My research centers on using low-temperature AFM to investigate silicon-embedded quantum dots. In collaboration with University College London, the goal of this research is to minimise defects in the quantum dot samples, both due to Si/SiO2 trap states and due to dopant thermal drift during manufacturing, by performing temperature-dependent electrostatic force microscopy on various samples manufactured at UCL. Ideally, we will be able to discover a manufacturing process which can reliably produce quantum dot samples with perfectly predictable qubit behaviours for quantum computing. The other half of my research focuses on upgrading our home-built low-temperature AFM prototype to enhance the functionality and maintainability of the system.

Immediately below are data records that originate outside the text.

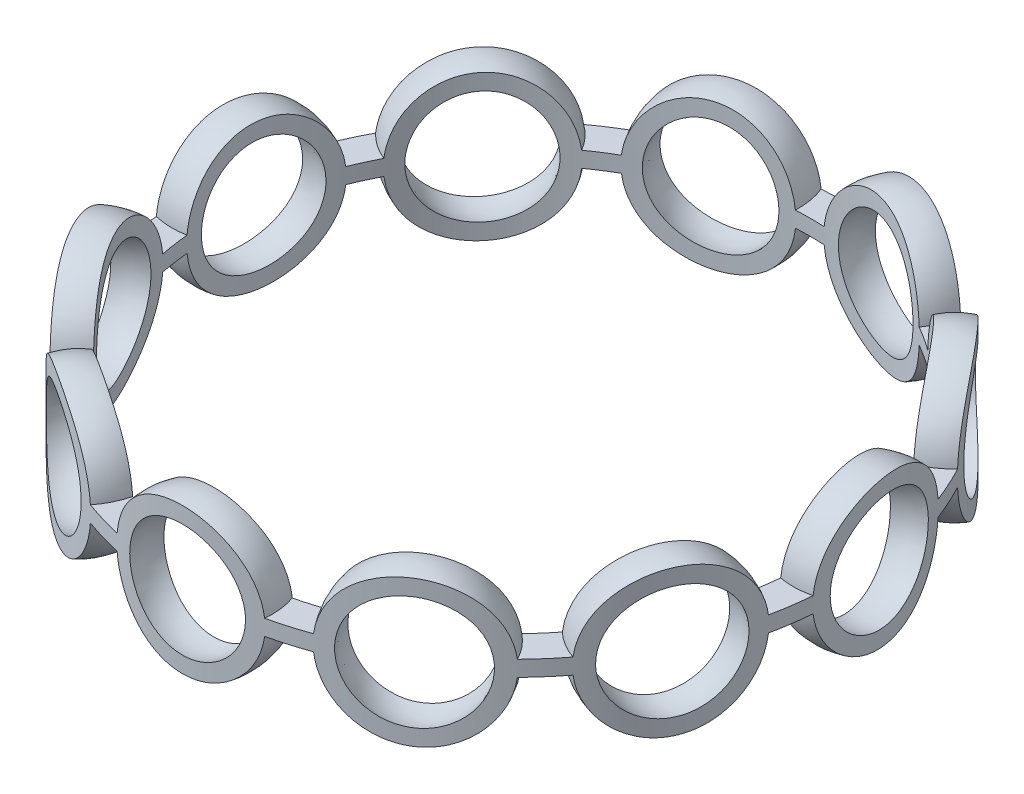
SolidWorks part; units mm, degrees
material "Chrome Stainless Steel"
ref_plane "Front Plane" through (0, 0, 0) normal (0, 0, 1) x (1, 0, 0)
ref_plane "Top Plane" through (0, 0, 0) normal (0, 1, 0) x (1, 0, 0)
ref_plane "Right Plane" through (0, 0, 0) normal (1, 0, 0) x (0, 0, -1)
sketch "Sketch1" plane through (0, 0, 0) normal (1, 0, 0) x (0, 0, -1)
  line L0 (0, 0) -> (-20, 0) construction
  line L5 (-19, 0.5) -> (-19, 7.5)
  line L6 (-21, 0.5) -> (-19, 0.5)
  line L7 (-21, 0.5) -> (-21, -0.5)
  line L8 (-21, -0.5) -> (-19, -0.5)
  line L9 (-19, 0.5) -> (-19, -0.5)
  line L10 (-21, 0.5) -> (-19, -0.5) construction
  line L11 (-21, -0.5) -> (-19, 0.5) construction
  line L12 (-27.5, 7.5) -> (-12.5, 7.5)
  line L13 (-27.5, 7.5) -> (-27.5, -7.5)
  line L14 (-27.5, -7.5) -> (-12.5, -7.5)
  line L15 (-12.5, 7.5) -> (-12.5, -7.5)
  line L16 (-27.5, 7.5) -> (-12.5, -7.5) construction
  line L17 (-27.5, -7.5) -> (-12.5, 7.5) construction
  line L18 (-19, 7.5) -> (-21, 7.5)
  line L19 (-21, 7.5) -> (-21, 0.5)
  line L20 (-19, -0.5) -> (-19, -7.5)
  line L21 (-19, -7.5) -> (-21, -7.5)
  line L22 (-21, -7.5) -> (-21, -0.5)
  line L23 (-20, 7.5) -> (-20, -7.5)
  line L24 (0, 0) -> (0, 2.1465) construction
  circle A0 centre (-20, 0) radius 3.75
  dimension "D2" = 1
  dimension "D4" = 7.5
  dimension "D3" = 2
  dimension "D5" = 15
  dimension "D1" = 38
revolve "Revolve1" add sketch "Sketch1" angle 360 about L24 region at (0, 0, 19.5) region at (0, 0, 20.5)
sketch "Sketch4" plane through (0, 0, 0) normal (1, 0, 0) x (0, 0, -1)
  line L0 (0, 0) -> (-19, 0) construction
  line L1 (-19, 0.5) -> (-19, -0.5) construction
  line L2 (19, 0.5) -> (-19, 0.5) construction
  line L3 (-19, -0.5) -> (19, -0.5) construction
  line L4 (-19, 0.5) -> (-21, 0.5) construction
  line L7 (-20, 3.75) -> (-20, -3.75)
  line L8 (-20, 4.75) -> (-20, -4.75)
  arc A0 (-20, -3.75) -> (-20, 3.75) centre (-20, 0) ccw
  arc A1 (-20, -4.75) -> (-20, 4.75) centre (-20, 0) ccw
  point P15 (-20, 0.5)
  dimension "D1" = 3.75
  dimension "D2" = 1
revolve "Revolve2" add sketch "Sketch4<3>" angle 360 about L7 region at (0, 4.25, 19.8938)
sketch "Sketch4<3>" plane through (0, 0, 0) normal (1, 0, 0) x (0, 0, -1) same geometry as "Sketch4"
revolve "Cut-Revolve3" cut sketch "Sketch4" angle 360 about L7 region at (0, 0, 18.4085)
pattern_circular "CirPattern10" count 11 over 360 about axis through (0, 0, 0) along (0, -1, 0) of "Revolve2", "Cut-Revolve3"
revolve "Cut-Revolve5" cut sketch "Sketch1<5>" angle 360 about L24 region at (0, 0, 17.8559) region at (0, 0, 15.3768) region at (0, 0, 22.1441) region at (0, 0, 24.6232)
sketch "Sketch1<5>" plane through (0, 0, 0) normal (1, 0, 0) x (0, 0, -1) same geometry as "Sketch1"
equation "\"A\"= 7.5"
equation "\"D1@Sketch4\"=\"A\"/2"
equation "\"B\"= 38"
equation "\"D1@Sketch1\"=\"B\""
equation "\"D4@Sketch1\"=\"A\""
equation "\"D5@Sketch1\"=\"A\"*2"
equation "\"C\"= 11"
equation "\"D1@CirPattern10\"=\"C\""

I'm a proud Kiwi born and raised in Christchurch, New Zealand. I completed my Bachelor's degree in Physics and Computer Science at the University of Canterbury in May 2023, completing two undergraduate theses: the first in Lanthanide-doped Yttrium Oxyorthosilicate microcrystal synthesis and optical spectroscopy, and the second in Synchrotron X-ray medical imaging and data analysis. I moved to Montreal in August 2023 to pursue my Masters in experimental nanophysics with the Grutter group.

Outside of the lab, I love outdoor activities - like camping, hiking, and rock climbing - as well as indoor activities - like painting, Dungeons & Dragons, reading (mostly sci-fi and high fantasy), and playing video games. I'm extremely passionate about the environment and science education, and I regularly volunteer inside and outside of the McGill community in outreach and education events on all sorts of physics topics to all sorts of audiences; I've taught workshops on astronomy, radioactivity, and environmental science (among others) to hundreds of people, from children to adults, in groups ranging from 5 - 500 people.